The next step up in complexity is the . (period) that matches any character except a new line:

```{r}
x
str_view(x,".nn.")
```


14.3.1.1 Exercises

    Explain why each of these strings don’t match a \: "\", "\\", "\\\".

    How would you match the sequence "'\?

    What patterns will the regular expression \..\..\.. match? How would you represent it as a string?


## 14.3.2 Anchors

From the text:

ou can use:

    ^ to match the start of the string.
    $ to match the end of the string. (note the $ goes *after* the last letter in the regular expression)

```{r}
str_view(x, "^P")
```

```{r}
str_view(x, "e$")
```

From the text: "To force a regular expression to only match a complete string, anchor it with both ^ and $:"

```{r}
x <- c("Apple iPod", "Apple", "Apple Macintosh")
str_view(x,"^Apple$")
```


14.3.2.1 Exercises

    How would you match the literal string "$^$"?

    Given the corpus of common words in stringr::words, create regular expressions that find all words that:
        Start with “y”.
        End with “x”
        Are exactly three letters long. (Don’t cheat by using str_length()!)
        Have seven letters or more.

    Since this list is long, you might want to use the match argument to str_view() to show only the matching or non-matching words.

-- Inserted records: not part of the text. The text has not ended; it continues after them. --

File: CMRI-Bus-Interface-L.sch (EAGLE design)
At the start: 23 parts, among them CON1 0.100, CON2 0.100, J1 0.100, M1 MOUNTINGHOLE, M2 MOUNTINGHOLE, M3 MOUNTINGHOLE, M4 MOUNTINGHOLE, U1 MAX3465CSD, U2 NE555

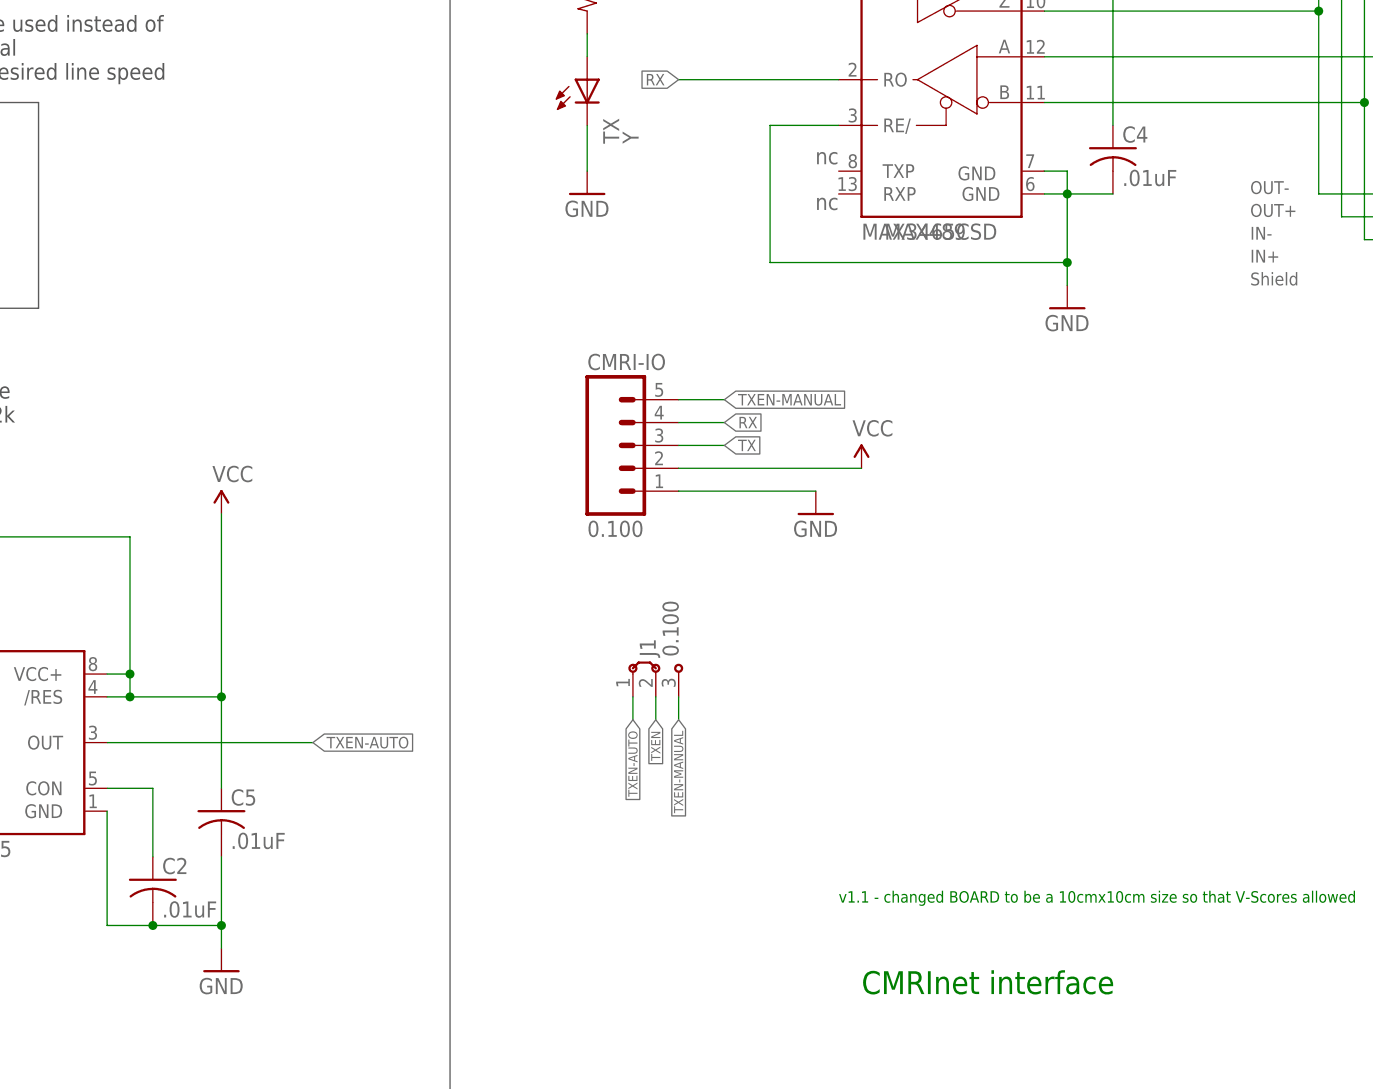
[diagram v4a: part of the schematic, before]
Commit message: normalized values
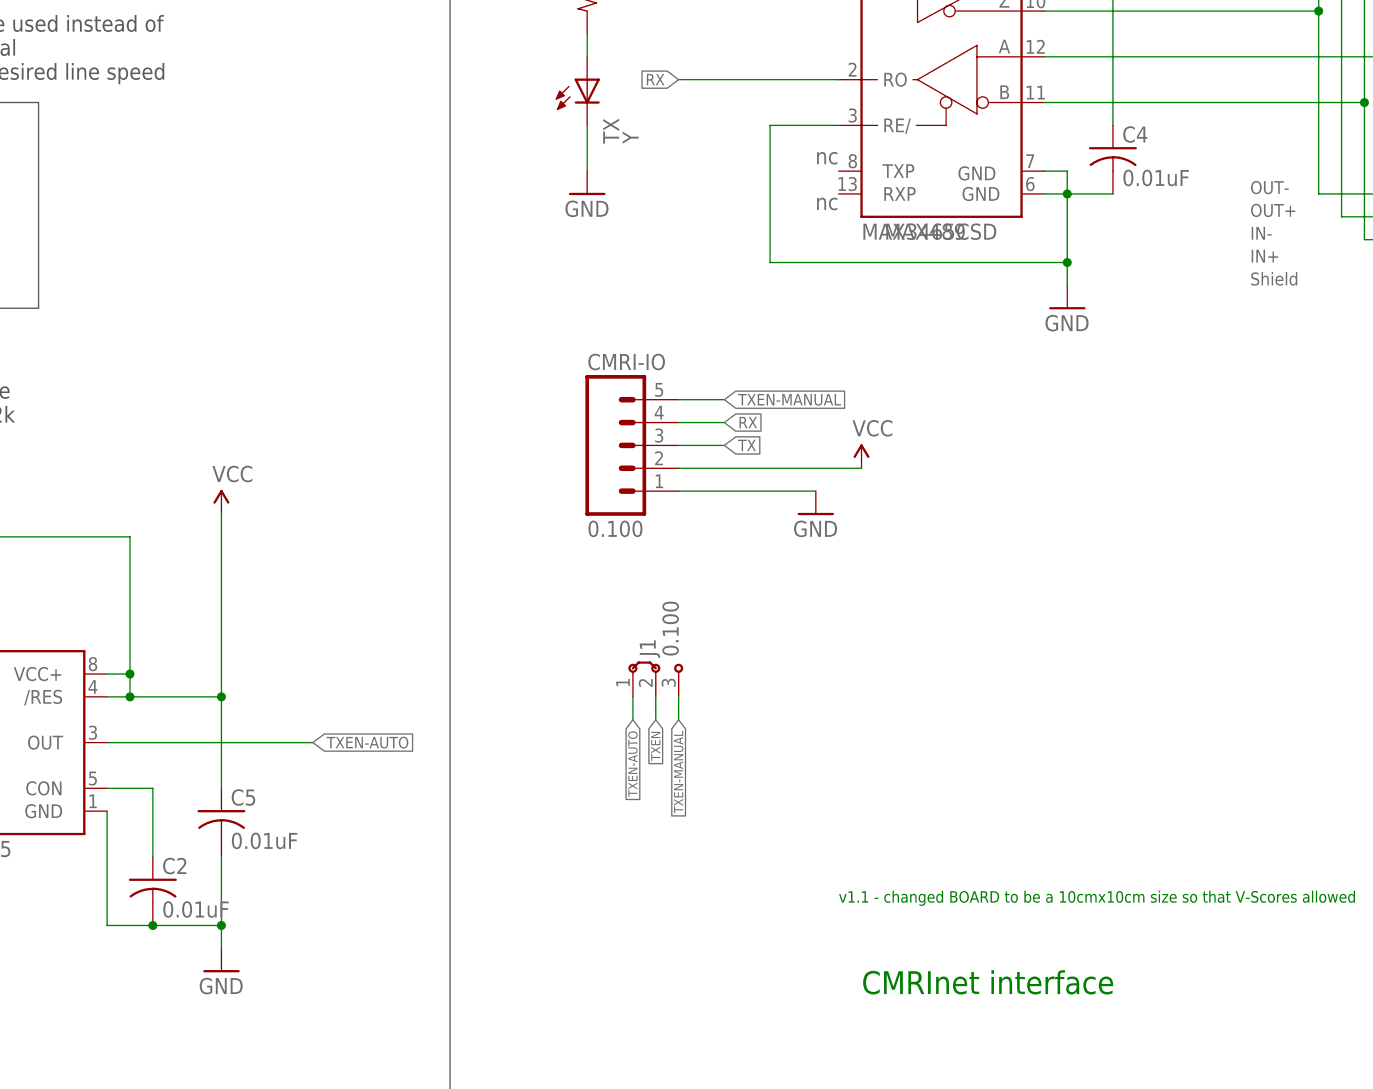
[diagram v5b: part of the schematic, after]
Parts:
- C2, C4, C5: value .01uF -> 0.01uF
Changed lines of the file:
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@@
 <part name="U1" library="SPCoast" deviceset="MAX346*" device="SD" technology="5C" value="MAX3465CSD"/>
 <part name="C1" library="SPCoast" deviceset="CAP*" device="0603" value="0.1uF"/>
-<part name="C2" library="SPCoast" deviceset="CAP*" device="0603" value=".01uF"/>
+<part name="C2" library="SPCoast" deviceset="CAP*" device="0603" value="0.01uF"/>
 <part name="R1" library="SPCoast" deviceset="R*" device="PTH04" value="12k"/>
 <part name="D1" library="SPCoast" deviceset="DIODE-BAV199" device="" value="BAV199"/>
@@
 <part name="P+2" library="SparkFun" deviceset="VCC" device=""/>
 <part name="GND3" library="SparkFun" deviceset="GND" device=""/>
-<part name="C4" library="SPCoast" deviceset="CAP*" device="0603" value=".01uF"/>
-<part name="C5" library="SPCoast" deviceset="CAP*" device="0603" value=".01uF"/>
+<part name="C4" library="SPCoast" deviceset="CAP*" device="0603" value="0.01uF"/>
+<part name="C5" library="SPCoast" deviceset="CAP*" device="0603" value="0.01uF"/>
 <part name="R2" library="SPCoast" deviceset="R*" device="0805-RES" value="470"/>
 <part name="GND9" library="SparkFun" deviceset="GND" device=""/>

## 14.3.3 Character Classes and Alternatives

From the text:
There are four other useful tools:

    \d: matches any digit.
    \s: matches any whitespace (e.g. space, tab, newline).
    [abc]: matches a, b, or c.
    [^abc]: matches anything except a, b, or c.

```{r}
# Look for a literal character that normally has special meaning in a regex
str_view(c("abc", "a.c", "a*c", "a c"), "a[.]c") # will match the period
```

```{r}
str_view(c("abc", "a.c", "a*c", "a c"), ".[*]c") #will match the asterisk
```

```{r}
str_view(c("abc", "a.c", "a*c", "a c"), "a[ ]") # will match white space
```


14.3.3.1 Exercises

    Create regular expressions to find all words that:

        Start with a vowel.

        That only contain consonants. (Hint: thinking about matching “not”-vowels.)

        End with ed, but not with eed.

        End with ing or ise.

    Empirically verify the rule “i before e except after c”.

    Is “q” always followed by a “u”?

    Write a regular expression that matches a word if it’s probably written in British English, not American English.

    Create a regular expression that will match telephone numbers as commonly written in your country.